Santiago de Cuba

Santiago de Cuba (map) is the second largest city in Cuba. Founded by Spanish conquistador Diego Velázquez de la Cuéllar in 1514, Santiago de Cuba today covers 1,023.8 sq km (395.3 sq mi) and has a population of 472,000 (2011 estimate).

Visiting Santiago de Cuba

You can fly to Santiago de Cuba from Havana. There are also trains and buses going there from Havana as well as from Camagüey and Santa Clara.

Places of Interest in Santiago de Cuba’s Historic Center

  1. Balcón de Velázquez
    A view point offering fantastic views of the city.

  2. Calle Heredia
    The most popular and probably liveliest street in Santiago de Cuba.

  3. Casa de Diego Velázquez (Museo de Ambiente Histórico Cubano)
    According to some (but disputed by others) this is the oldest private home in Cuba built in 1516 as the residence of governor Diego Velázquez. It has a long and fascinating history where it was used for various purposes. Today it houses a museum on the history of furniture in Cuba.

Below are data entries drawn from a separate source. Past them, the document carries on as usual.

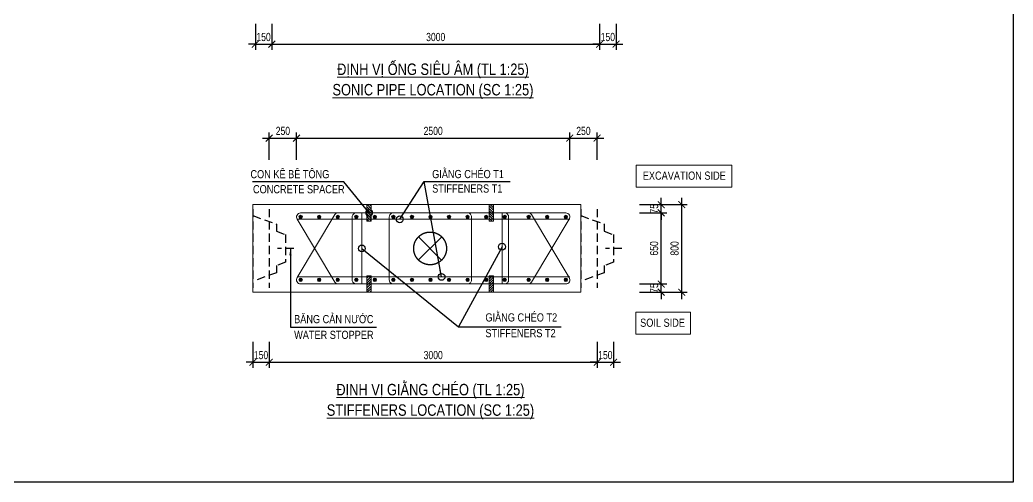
# Model space of a CAD drawing. Header units: millimetres. Extents: x 2746337 to 7547699, y -363432 to 15720.
# Drawn here: x 3111002 to 3147351, y -68024 to -51125 of the extents above; entities that cross this region are included whole.
import ezdxf
from ezdxf.enums import TextEntityAlignment as Align

# ---------------------------------------------------------------- set-up
doc = ezdxf.new("R2010")
doc.units = ezdxf.units.MM
doc.header["$LTSCALE"] = 1200
doc.header["$PDMODE"] = 3
doc.linetypes.add('CENTER', pattern=[2, 1.25, -0.25, 0.25, -0.25])
doc.linetypes.add('HIDDEN', pattern=[0.375, 0.25, -0.125])
for name, color, linetype, lineweight in [('5', 5, 'Continuous', 13), ('BOUND', 3, 'Continuous', 20), ('CWS', 8, 'HIDDEN', 9), ('ENOTE', 2, 'Continuous', 15), ('GRID', 74, 'CENTER', 15), ('K-THUOC', 1, 'Continuous', 18), ('LEADER', 8, 'Continuous', 9), ('MCT', 6, 'Continuous', 20), ('T2HI', 4, 'HIDDEN', 13), ('TEXTMA', 2, 'Continuous', 13), ('TEXTVN', 2, 'Continuous', 20), ('TIE', 4, 'Continuous', 13)]:
    doc.layers.add(name, color=color, linetype=linetype, lineweight=lineweight)
for name, color, linetype in [('CDC.04.HIDDEN', 8, 'HIDDEN'), ('CDC.11.NOTE', 8, 'Continuous'), ('MIE', 5, 'HIDDEN')]:
    doc.layers.add(name, color=color, linetype=linetype)
doc.styles.add('DB_Arial', font='arial.ttf', dxfattribs={"width": 0.8})
doc.styles.add('SMTEXT', font='arial.ttf', dxfattribs={"width": 0.75})
doc.dimstyles.new('BSV1-100', dxfattribs={"dimtxt": 300, "dimasz": 250, "dimexe": 200, "dimexo": 0, "dimgap": 108, "dimtad": 1, "dimdec": 0, "dimdsep": 46, "dimtxsty": 'SMTEXT', "dimblk": 'ARCHTICK', "dimcen": 100, "dimdle": 250, "dimclrd": 256, "dimclre": 256, "dimclrt": 1, "dimadec": 0, "dimazin": 0, "dimtfac": 1, "dimtdec": 0, "dimtix": 1, "dimtmove": 2, "dimatfit": 3, "dimfxl": 720, "dimfxlon": 1, "dimtolj": 1, "dimtzin": 0, "dimarcsym": 0})
doc.dimstyles.new('BSV25', dxfattribs={"dimtxt": 300, "dimasz": 250, "dimexe": 200, "dimexo": 0, "dimgap": 108, "dimtad": 1, "dimdec": 0, "dimlfac": 0.25, "dimdsep": 46, "dimtxsty": 'SMTEXT', "dimblk": 'ARCHTICK', "dimcen": 100, "dimdle": 250, "dimclrd": 256, "dimclre": 256, "dimclrt": 2, "dimadec": 0, "dimazin": 0, "dimtfac": 1, "dimtdec": 0, "dimtix": 1, "dimtmove": 2, "dimatfit": 3, "dimfxl": 800, "dimfxlon": 1, "dimtolj": 1, "dimtzin": 0, "dimarcsym": 0})

# ---------------------------------------------------------------- blocks, each defined once
blk = doc.blocks.new('_ArchTick')
at = {"color": 0, "linetype": 'ByBlock', "const_width": 0.15}
blk.add_lwpolyline([(-0.5, -0.5), (0.5, 0.5)], dxfattribs=at)
blk = doc.blocks.new('*D430')
at = {"layer": 'Defpoints', "color": 0, "transparency": 16777216}
for p in [(3119620, -51264), (3120220, -51264), (3120220, -52014)]:
    blk.add_point(p, dxfattribs=at)
at = {"layer": 'K-THUOC', "lineweight": -2, "transparency": 16777216}
for p, q in [((3119620, -51264), (3119620, -52214)), ((3120220, -51264), (3120220, -52214)), ((3119620, -52014), (3119370, -52014)), ((3119620, -52014), (3120220, -52014)), ((3120220, -52014), (3120470, -52014))]:
    blk.add_line(p, q, dxfattribs=at)
at = {"layer": 'K-THUOC', "lineweight": -2, "transparency": 16777216, "xscale": 250, "yscale": 250, "zscale": 250}
blk.add_blockref('_ArchTick', (3119620, -52014), dxfattribs=at)
at = {"layer": 'K-THUOC', "lineweight": -2, "transparency": 16777216, "xscale": 250, "yscale": 250, "zscale": 250, "rotation": 180}
blk.add_blockref('_ArchTick', (3120220, -52014), dxfattribs=at)
at = {"layer": 'K-THUOC', "color": 2, "transparency": 16777216, "insert": (3119920, -51753), "char_height": 300, "attachment_point": 5, "style": 'SMTEXT'}
blk.add_mtext('\\A1;150', dxfattribs=at)
blk = doc.blocks.new('*D431')
at = {"layer": 'Defpoints', "color": 0, "transparency": 16777216}
for p in [(3132220, -51264), (3132820, -51264), (3132820, -52014)]:
    blk.add_point(p, dxfattribs=at)
at = {"layer": 'K-THUOC', "lineweight": -2, "transparency": 16777216}
for p, q in [((3132220, -51264), (3132220, -52214)), ((3132820, -51264), (3132820, -52214)), ((3132220, -52014), (3131970, -52014)), ((3132220, -52014), (3132820, -52014)), ((3132820, -52014), (3133070, -52014))]:
    blk.add_line(p, q, dxfattribs=at)
at = {"layer": 'K-THUOC', "lineweight": -2, "transparency": 16777216, "xscale": 250, "yscale": 250, "zscale": 250}
blk.add_blockref('_ArchTick', (3132220, -52014), dxfattribs=at)
at = {"layer": 'K-THUOC', "lineweight": -2, "transparency": 16777216, "xscale": 250, "yscale": 250, "zscale": 250, "rotation": 180}
blk.add_blockref('_ArchTick', (3132820, -52014), dxfattribs=at)
at = {"layer": 'K-THUOC', "color": 2, "transparency": 16777216, "insert": (3132520, -51753), "char_height": 300, "attachment_point": 5, "style": 'SMTEXT'}
blk.add_mtext('\\A1;150', dxfattribs=at)
blk = doc.blocks.new('*D434')
at = {"layer": 'Defpoints', "color": 0, "transparency": 16777216}
for p in [(3120220, -51264), (3132220, -51264), (3132220, -52014)]:
    blk.add_point(p, dxfattribs=at)
at = {"layer": 'K-THUOC', "lineweight": -2, "transparency": 16777216}
for p, q in [((3120220, -51264), (3120220, -52214)), ((3132220, -51264), (3132220, -52214)), ((3119970, -52014), (3132470, -52014))]:
    blk.add_line(p, q, dxfattribs=at)
at = {"layer": 'K-THUOC', "lineweight": -2, "transparency": 16777216, "xscale": 250, "yscale": 250, "zscale": 250, "rotation": 180}
blk.add_blockref('_ArchTick', (3120220, -52014), dxfattribs=at)
at = {"layer": 'K-THUOC', "lineweight": -2, "transparency": 16777216, "xscale": 250, "yscale": 250, "zscale": 250}
blk.add_blockref('_ArchTick', (3132220, -52014), dxfattribs=at)
at = {"layer": 'K-THUOC', "color": 2, "transparency": 16777216, "insert": (3126220, -51753), "char_height": 300, "attachment_point": 5, "style": 'SMTEXT'}
blk.add_mtext('\\A1;3000', dxfattribs=at)
blk = doc.blocks.new('cws800')
at = {"layer": 'CDC.04.HIDDEN'}
for p, q in [((-600, 1440), (-600, -1440)), ((0, 1440), (0, -1440))]:
    blk.add_line(p, q, dxfattribs=at)
for points in [[(0, 1200), (-860, 888), (-860, 627), (-1200, 507), (-1200, -507), (-860, -627), (-860, -888), (0, -1200)], [(-1500, 0), (-900, 0)]]:
    blk.add_lwpolyline(points, dxfattribs=at)
blk = doc.blocks.new('*D436')
at = {"layer": 'Defpoints', "color": 0, "transparency": 16777216}
for p in [(3133723, -57880), (3135223, -57880), (3133723, -61080)]:
    blk.add_point(p, dxfattribs=at)
at = {"layer": 'K-THUOC', "lineweight": -2, "transparency": 16777216}
for p, q in [((3135223, -61330), (3135223, -57630)), ((3134423, -57880), (3135423, -57880)), ((3134423, -61080), (3135423, -61080))]:
    blk.add_line(p, q, dxfattribs=at)
at = {"layer": 'K-THUOC', "lineweight": -2, "transparency": 16777216, "xscale": 250, "yscale": 250, "zscale": 250}
for p, rotation in [((3135223, -57880), 90), ((3135223, -61080), 270)]:
    blk.add_blockref('_ArchTick', p, dxfattribs=dict(at, rotation=rotation))
at = {"layer": 'K-THUOC', "color": 2, "transparency": 16777216, "insert": (3134962, -59480), "char_height": 300, "attachment_point": 5, "rotation": 90, "style": 'SMTEXT'}
blk.add_mtext('\\A1;800', dxfattribs=at)
blk = doc.blocks.new('*D437')
at = {"layer": 'Defpoints', "color": 0, "transparency": 16777216}
for p in [(3133723, -60780), (3134473, -60780), (3133365, -61080)]:
    blk.add_point(p, dxfattribs=at)
at = {"layer": 'K-THUOC', "lineweight": -2, "transparency": 16777216}
for p, q in [((3134473, -60780), (3134473, -60530)), ((3133723, -60780), (3134673, -60780)), ((3134473, -61080), (3134473, -60780)), ((3133673, -61080), (3134673, -61080)), ((3134473, -61080), (3134473, -61330))]:
    blk.add_line(p, q, dxfattribs=at)
at = {"layer": 'K-THUOC', "lineweight": -2, "transparency": 16777216, "xscale": 250, "yscale": 250, "zscale": 250}
for p, rotation in [((3134473, -60780), 270), ((3134473, -61080), 90)]:
    blk.add_blockref('_ArchTick', p, dxfattribs=dict(at, rotation=rotation))
at = {"layer": 'K-THUOC', "color": 2, "transparency": 16777216, "insert": (3134212, -60930), "char_height": 300, "attachment_point": 5, "rotation": 90, "style": 'SMTEXT'}
blk.add_mtext('\\A1;75', dxfattribs=at)
blk = doc.blocks.new('*D438')
at = {"layer": 'Defpoints', "color": 0, "transparency": 16777216}
for p in [(3133365, -58180), (3134473, -58180), (3133365, -60780)]:
    blk.add_point(p, dxfattribs=at)
at = {"layer": 'K-THUOC', "lineweight": -2, "transparency": 16777216}
for p, q in [((3134473, -61030), (3134473, -57930)), ((3133673, -58180), (3134673, -58180)), ((3133673, -60780), (3134673, -60780))]:
    blk.add_line(p, q, dxfattribs=at)
at = {"layer": 'K-THUOC', "lineweight": -2, "transparency": 16777216, "xscale": 250, "yscale": 250, "zscale": 250}
for p, rotation in [((3134473, -58180), 90), ((3134473, -60780), 270)]:
    blk.add_blockref('_ArchTick', p, dxfattribs=dict(at, rotation=rotation))
at = {"layer": 'K-THUOC', "color": 2, "transparency": 16777216, "insert": (3134212, -59480), "char_height": 300, "attachment_point": 5, "rotation": 90, "style": 'SMTEXT'}
blk.add_mtext('\\A1;650', dxfattribs=at)
blk = doc.blocks.new('*D439')
at = {"layer": 'Defpoints', "color": 0, "transparency": 16777216}
for p in [(3133365, -57880), (3134473, -57880), (3133365, -58180)]:
    blk.add_point(p, dxfattribs=at)
at = {"layer": 'K-THUOC', "lineweight": -2, "transparency": 16777216}
for p, q in [((3134473, -57880), (3134473, -57630)), ((3133673, -57880), (3134673, -57880)), ((3134473, -58180), (3134473, -57880)), ((3133673, -58180), (3134673, -58180)), ((3134473, -58180), (3134473, -58430))]:
    blk.add_line(p, q, dxfattribs=at)
at = {"layer": 'K-THUOC', "lineweight": -2, "transparency": 16777216, "xscale": 250, "yscale": 250, "zscale": 250}
for p, rotation in [((3134473, -57880), 270), ((3134473, -58180), 90)]:
    blk.add_blockref('_ArchTick', p, dxfattribs=dict(at, rotation=rotation))
at = {"layer": 'K-THUOC', "color": 2, "transparency": 16777216, "insert": (3134212, -58030), "char_height": 300, "attachment_point": 5, "rotation": 90, "style": 'SMTEXT'}
blk.add_mtext('\\A1;75', dxfattribs=at)
blk = doc.blocks.new('*D440')
at = {"layer": 'Defpoints', "color": 0, "transparency": 16777216}
for p in [(3119528, -62892), (3120128, -62892), (3120128, -63642)]:
    blk.add_point(p, dxfattribs=at)
at = {"layer": 'K-THUOC', "lineweight": -2, "transparency": 16777216}
for p, q in [((3119528, -62892), (3119528, -63842)), ((3120128, -62892), (3120128, -63842)), ((3119528, -63642), (3119278, -63642)), ((3119528, -63642), (3120128, -63642)), ((3120128, -63642), (3120378, -63642))]:
    blk.add_line(p, q, dxfattribs=at)
at = {"layer": 'K-THUOC', "lineweight": -2, "transparency": 16777216, "xscale": 250, "yscale": 250, "zscale": 250}
blk.add_blockref('_ArchTick', (3119528, -63642), dxfattribs=at)
at = {"layer": 'K-THUOC', "lineweight": -2, "transparency": 16777216, "xscale": 250, "yscale": 250, "zscale": 250, "rotation": 180}
blk.add_blockref('_ArchTick', (3120128, -63642), dxfattribs=at)
at = {"layer": 'K-THUOC', "color": 2, "transparency": 16777216, "insert": (3119828, -63381), "char_height": 300, "attachment_point": 5, "style": 'SMTEXT'}
blk.add_mtext('\\A1;150', dxfattribs=at)
blk = doc.blocks.new('*D441')
at = {"layer": 'Defpoints', "color": 0, "transparency": 16777216}
for p in [(3132128, -62892), (3132728, -62892), (3132728, -63642)]:
    blk.add_point(p, dxfattribs=at)
at = {"layer": 'K-THUOC', "lineweight": -2, "transparency": 16777216}
for p, q in [((3132128, -62892), (3132128, -63842)), ((3132728, -62892), (3132728, -63842)), ((3132128, -63642), (3131878, -63642)), ((3132128, -63642), (3132728, -63642)), ((3132728, -63642), (3132978, -63642))]:
    blk.add_line(p, q, dxfattribs=at)
at = {"layer": 'K-THUOC', "lineweight": -2, "transparency": 16777216, "xscale": 250, "yscale": 250, "zscale": 250}
blk.add_blockref('_ArchTick', (3132128, -63642), dxfattribs=at)
at = {"layer": 'K-THUOC', "lineweight": -2, "transparency": 16777216, "xscale": 250, "yscale": 250, "zscale": 250, "rotation": 180}
blk.add_blockref('_ArchTick', (3132728, -63642), dxfattribs=at)
at = {"layer": 'K-THUOC', "color": 2, "transparency": 16777216, "insert": (3132428, -63381), "char_height": 300, "attachment_point": 5, "style": 'SMTEXT'}
blk.add_mtext('\\A1;150', dxfattribs=at)
blk = doc.blocks.new('*D442')
at = {"layer": 'Defpoints', "color": 0, "transparency": 16777216}
for p in [(3121128, -55447), (3120128, -57423), (3121128, -57423)]:
    blk.add_point(p, dxfattribs=at)
at = {"layer": 'K-THUOC', "lineweight": -2, "transparency": 16777216}
for p, q in [((3120128, -56247), (3120128, -55247)), ((3121128, -56247), (3121128, -55247)), ((3119878, -55447), (3121378, -55447))]:
    blk.add_line(p, q, dxfattribs=at)
at = {"layer": 'K-THUOC', "lineweight": -2, "transparency": 16777216, "xscale": 250, "yscale": 250, "zscale": 250, "rotation": 180}
blk.add_blockref('_ArchTick', (3120128, -55447), dxfattribs=at)
at = {"layer": 'K-THUOC', "lineweight": -2, "transparency": 16777216, "xscale": 250, "yscale": 250, "zscale": 250}
blk.add_blockref('_ArchTick', (3121128, -55447), dxfattribs=at)
at = {"layer": 'K-THUOC', "color": 2, "transparency": 16777216, "insert": (3120628, -55186), "char_height": 300, "attachment_point": 5, "style": 'SMTEXT'}
blk.add_mtext('\\A1;250', dxfattribs=at)
blk = doc.blocks.new('*D443')
at = {"layer": 'Defpoints', "color": 0, "transparency": 16777216}
for p in [(3131126, -55447), (3121128, -57423), (3131126, -57423)]:
    blk.add_point(p, dxfattribs=at)
at = {"layer": 'K-THUOC', "lineweight": -2, "transparency": 16777216}
for p, q in [((3121128, -56247), (3121128, -55247)), ((3131126, -56247), (3131126, -55247)), ((3120878, -55447), (3131376, -55447))]:
    blk.add_line(p, q, dxfattribs=at)
at = {"layer": 'K-THUOC', "lineweight": -2, "transparency": 16777216, "xscale": 250, "yscale": 250, "zscale": 250, "rotation": 180}
blk.add_blockref('_ArchTick', (3121128, -55447), dxfattribs=at)
at = {"layer": 'K-THUOC', "lineweight": -2, "transparency": 16777216, "xscale": 250, "yscale": 250, "zscale": 250}
blk.add_blockref('_ArchTick', (3131126, -55447), dxfattribs=at)
at = {"layer": 'K-THUOC', "color": 2, "transparency": 16777216, "insert": (3126127, -55186), "char_height": 300, "attachment_point": 5, "style": 'SMTEXT'}
blk.add_mtext('\\A1;2500', dxfattribs=at)
blk = doc.blocks.new('*D444')
at = {"layer": 'Defpoints', "color": 0, "transparency": 16777216}
for p in [(3120128, -62892), (3132128, -62892), (3132128, -63642)]:
    blk.add_point(p, dxfattribs=at)
at = {"layer": 'K-THUOC', "lineweight": -2, "transparency": 16777216}
for p, q in [((3120128, -62892), (3120128, -63842)), ((3132128, -62892), (3132128, -63842)), ((3119878, -63642), (3132378, -63642))]:
    blk.add_line(p, q, dxfattribs=at)
at = {"layer": 'K-THUOC', "lineweight": -2, "transparency": 16777216, "xscale": 250, "yscale": 250, "zscale": 250, "rotation": 180}
blk.add_blockref('_ArchTick', (3120128, -63642), dxfattribs=at)
at = {"layer": 'K-THUOC', "lineweight": -2, "transparency": 16777216, "xscale": 250, "yscale": 250, "zscale": 250}
blk.add_blockref('_ArchTick', (3132128, -63642), dxfattribs=at)
at = {"layer": 'K-THUOC', "color": 2, "transparency": 16777216, "insert": (3126128, -63381), "char_height": 300, "attachment_point": 5, "style": 'SMTEXT'}
blk.add_mtext('\\A1;3000', dxfattribs=at)
blk = doc.blocks.new('*D445')
at = {"layer": 'Defpoints', "color": 0, "transparency": 16777216}
for p in [(3132128, -55447), (3131126, -57423), (3132128, -57423)]:
    blk.add_point(p, dxfattribs=at)
at = {"layer": 'K-THUOC', "lineweight": -2, "transparency": 16777216}
for p, q in [((3131126, -56247), (3131126, -55247)), ((3132128, -56247), (3132128, -55247)), ((3130876, -55447), (3132378, -55447))]:
    blk.add_line(p, q, dxfattribs=at)
at = {"layer": 'K-THUOC', "lineweight": -2, "transparency": 16777216, "xscale": 250, "yscale": 250, "zscale": 250, "rotation": 180}
blk.add_blockref('_ArchTick', (3131126, -55447), dxfattribs=at)
at = {"layer": 'K-THUOC', "lineweight": -2, "transparency": 16777216, "xscale": 250, "yscale": 250, "zscale": 250}
blk.add_blockref('_ArchTick', (3132128, -55447), dxfattribs=at)
at = {"layer": 'K-THUOC', "color": 2, "transparency": 16777216, "insert": (3131627, -55186), "char_height": 300, "attachment_point": 5, "style": 'SMTEXT'}
blk.add_mtext('\\A1;250', dxfattribs=at)
blk = doc.blocks.new('mct1')
at = {"lineweight": 9}
h = blk.add_hatch(color=256, dxfattribs=at)
h.dxf.hatch_style = 1
h.paths.add_polyline_path([(-16, 0, 1), (16, 0, 1)])
blk.add_circle((0, 0), 16, dxfattribs=at)
blk = doc.blocks.new('sp')
at = {"layer": '5', "lineweight": 20}
h = blk.add_hatch(dxfattribs=at)
h.set_pattern_fill('ANSI31', color=256, scale=500)
h.set_pattern_definition([(45, (0, 0), (-44.194, 44.194), [])])
h.paths.add_polyline_path([(80, 300), (-80, 300), (-80, -300), (80, -300)])
blk.add_lwpolyline([(-80, -300), (80, -300), (80, 300), (-80, 300)], close=True, dxfattribs=at)
blk = doc.blocks.new('tremie')
at = {"layer": 'MIE', "color": 74, "ltscale": 1000}
for p, q in [((424, -424), (-424, 424)), ((424, 424), (-424, -424))]:
    blk.add_line(p, q, dxfattribs=at)
at = {"layer": 'MIE', "ltscale": 500}
blk.add_circle((0, 0), 600, dxfattribs=at)

msp = doc.modelspace()

# ---------------------------------------------------------------- linework, layer by layer
msp.add_lwpolyline([(3053834.1, 9128.3), (3147351.4, 9128.3), (3147351.4, -68024), (3053834.1, -68024)], close=True)
at = {"layer": 'BOUND'}
msp.add_lwpolyline([(3119527.6, -61080.4), (3131527.6, -61080.4), (3131527.6, -57880.4), (3119527.6, -57880.4)], close=True, dxfattribs=at)
at = {"layer": 'ENOTE'}
for points in [[(3133559.7, -56437.9), (3137059.7, -56437.9), (3137059.7, -57237.9), (3133559.7, -57237.9)], [(3133549, -61814.5), (3135549, -61814.5), (3135549, -62614.5), (3133549, -62614.5)]]:
    msp.add_lwpolyline(points, close=True, dxfattribs=at)
at = {"layer": 'T2HI', "color": 1, "ltscale": 1000}
for p, q in [((3121154.1, -58415.5), (3131126.2, -58415.5)), ((3123516.2, -58180.4), (3123516.2, -60780.4)), ((3128647.1, -58180.4), (3128647.1, -60780.4)), ((3121170.2, -60522), (3131126.2, -60522))]:
    msp.add_line(p, q, dxfattribs=at)
at = {"layer": 'TIE', "lineweight": 20}
for points in [[(3122649.4, -58180.4, 0.244599), (3122526.6, -58244.3), (3121154.8, -60544.3, 0.6069433), (3121277.6, -60780.4), (3130980.2, -60780.4, 0.6069433), (3131103, -60544.3), (3129731.3, -58244.3, 0.244599), (3129608.4, -58180.4)], [(3129608.4, -60780.4, 0.244599), (3129731.3, -60716.5), (3131103, -58416.5, 0.6069433), (3130980.2, -58180.4), (3121277.6, -58180.4, 0.6069433), (3121154.8, -58416.5), (3122526.6, -60716.5, 0.244599), (3122649.4, -60780.4)]]:
    msp.add_lwpolyline(points, format="xyb", dxfattribs=at)
at = {"layer": 'TIE'}
for points in [[(3123763.9, -60780.4), (3123313.9, -60780.4, -0.4142136), (3123163.9, -60630.4), (3123163.9, -58330.4, -0.4142136), (3123313.9, -58180.4), (3123763.9, -58180.4)], [(3125121.4, -60780.4), (3124671.4, -60780.4, -0.4142136), (3124521.4, -60630.4), (3124521.4, -58330.4, -0.4142136), (3124671.4, -58180.4), (3125121.4, -58180.4)], [(3126932.4, -60780.4), (3127382.4, -60780.4, 0.4142136), (3127532.4, -60630.4), (3127532.4, -58330.4, 0.4142136), (3127382.4, -58180.4), (3126932.4, -58180.4)], [(3128289.9, -60780.4), (3128739.9, -60780.4, 0.4142136), (3128889.9, -60630.4), (3128889.9, -58330.4, 0.4142136), (3128739.9, -58180.4), (3128289.9, -58180.4)]]:
    msp.add_lwpolyline(points, format="xyb", dxfattribs=at)

# ---------------------------------------------------------------- block references
at = {"layer": 'CWS', "xscale": -1}
for p in [(3119527.6, -59480.4), (3131527.6, -59480.4)]:
    msp.add_blockref('cws800', p, dxfattribs=at)
at = {"layer": 'ENOTE', "xscale": -1}
for p in [(3123773.5, -58180.4), (3128252, -58180.4)]:
    msp.add_blockref('sp', p, dxfattribs=at)
at = {"layer": 'ENOTE', "rotation": 180}
for p in [(3123773.5, -60780.4), (3128252, -60780.4)]:
    msp.add_blockref('sp', p, dxfattribs=at)
at = {"layer": 'GRID', "rotation": 269.672406155841}
msp.add_blockref('tremie', (3126015, -59480.4), dxfattribs=at)
at = {"layer": 'MCT', "xscale": -4, "yscale": 4, "zscale": 4, "rotation": 180}
for p in [(3121277.6, -58330.4), (3121956.4, -58330.4), (3122635.2, -58330.4), (3123313.9, -58330.4), (3123992.7, -58330.4), (3124671.4, -58330.4), (3125350.2, -58330.4), (3126028.9, -58330.4), (3126707.7, -58330.4), (3127386.4, -58330.4), (3128065.2, -58330.4), (3128743.9, -58330.4), (3129622.7, -58330.4), (3130301.4, -58330.4), (3130980.2, -58330.4)]:
    msp.add_blockref('mct1', p, dxfattribs=at)
at = {"layer": 'MCT', "xscale": 4, "yscale": 4, "zscale": 4}
for p in [(3121277.6, -60630.4), (3121956.4, -60630.4), (3122635.2, -60630.4), (3123313.9, -60630.4), (3123992.7, -60630.4), (3124671.4, -60630.4), (3125350.2, -60630.4), (3126028.9, -60630.4), (3126707.7, -60630.4), (3127386.4, -60630.4), (3128065.2, -60630.4), (3128743.9, -60630.4), (3129622.7, -60630.4), (3130301.4, -60630.4), (3130980.2, -60630.4)]:
    msp.add_blockref('mct1', p, dxfattribs=at)

# ---------------------------------------------------------------- texts
at = {"layer": 'TEXTMA', "style": 'DB_Arial', "width": 0.8}
for s, p in [('BĂNG CẢN NƯỚC', (3121038.9, -62215.4)), ('WATER STOPPER', (3121038.9, -62790.4))]:
    msp.add_text(s, height=300, rotation=360, dxfattribs=at).set_placement(p)
at = {"layer": 'TEXTVN', "style": 'DB_Arial', "width": 0.8}
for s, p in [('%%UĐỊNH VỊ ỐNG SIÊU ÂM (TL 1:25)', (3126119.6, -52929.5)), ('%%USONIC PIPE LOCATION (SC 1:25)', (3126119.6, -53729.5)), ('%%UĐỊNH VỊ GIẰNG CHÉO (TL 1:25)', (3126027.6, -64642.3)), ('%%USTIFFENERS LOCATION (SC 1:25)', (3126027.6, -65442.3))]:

  4. Casa Natal de José María Heredia
    House where the namesake nationalist poet was born in 1803. The house has been preserved with peirod furniture of the early 19th century.

  5. Catedral de Nuestra Señora de la Asunción
    This is the cathedral of Santiago de Cuba. Originally built in 1522, it has since been rebuilt a number of times. It has its own museum, the Museo Eclesi´stico, which exhibits Catholic religious objects.

  6. Museo de la Lucha Clandestina
    Once the Batista police headquarters, it was set upon and burnt down by revolutionaries headed by Frank País. Since then, it has been rebuilt, restored, and made a museum to recount the activities of the movement headed by Frank País.

  7. Museo del Carnaval
    Built in the late 18th century, this charming building has served different purposes before being converted in 1983 to explain and celebrate the Santiago Carnival.

  8. Museo del Ron
    Museum celebrating rum, showing how it is distilled and matured.

  9. Museo Provincial Bacardi Moreau
    Founded in 1828, this is the oldest museum in Cuba. It displays relics from the Spanish conquest to the war of independence.

  10. Parque Céspedes
    The central square of Santiago de Cuba, from where the rest of the city radiates.

  11. Tivolí
    A charming cosmopolitan neighborhood whose people hailed from various parts of the world.

Places of Interest outside Santiago de Cuba’s Historic Center

  1. Bosque de los Héroes
    Monument to Che Guevara and his comrades-in-arms who died with him in Bolivia.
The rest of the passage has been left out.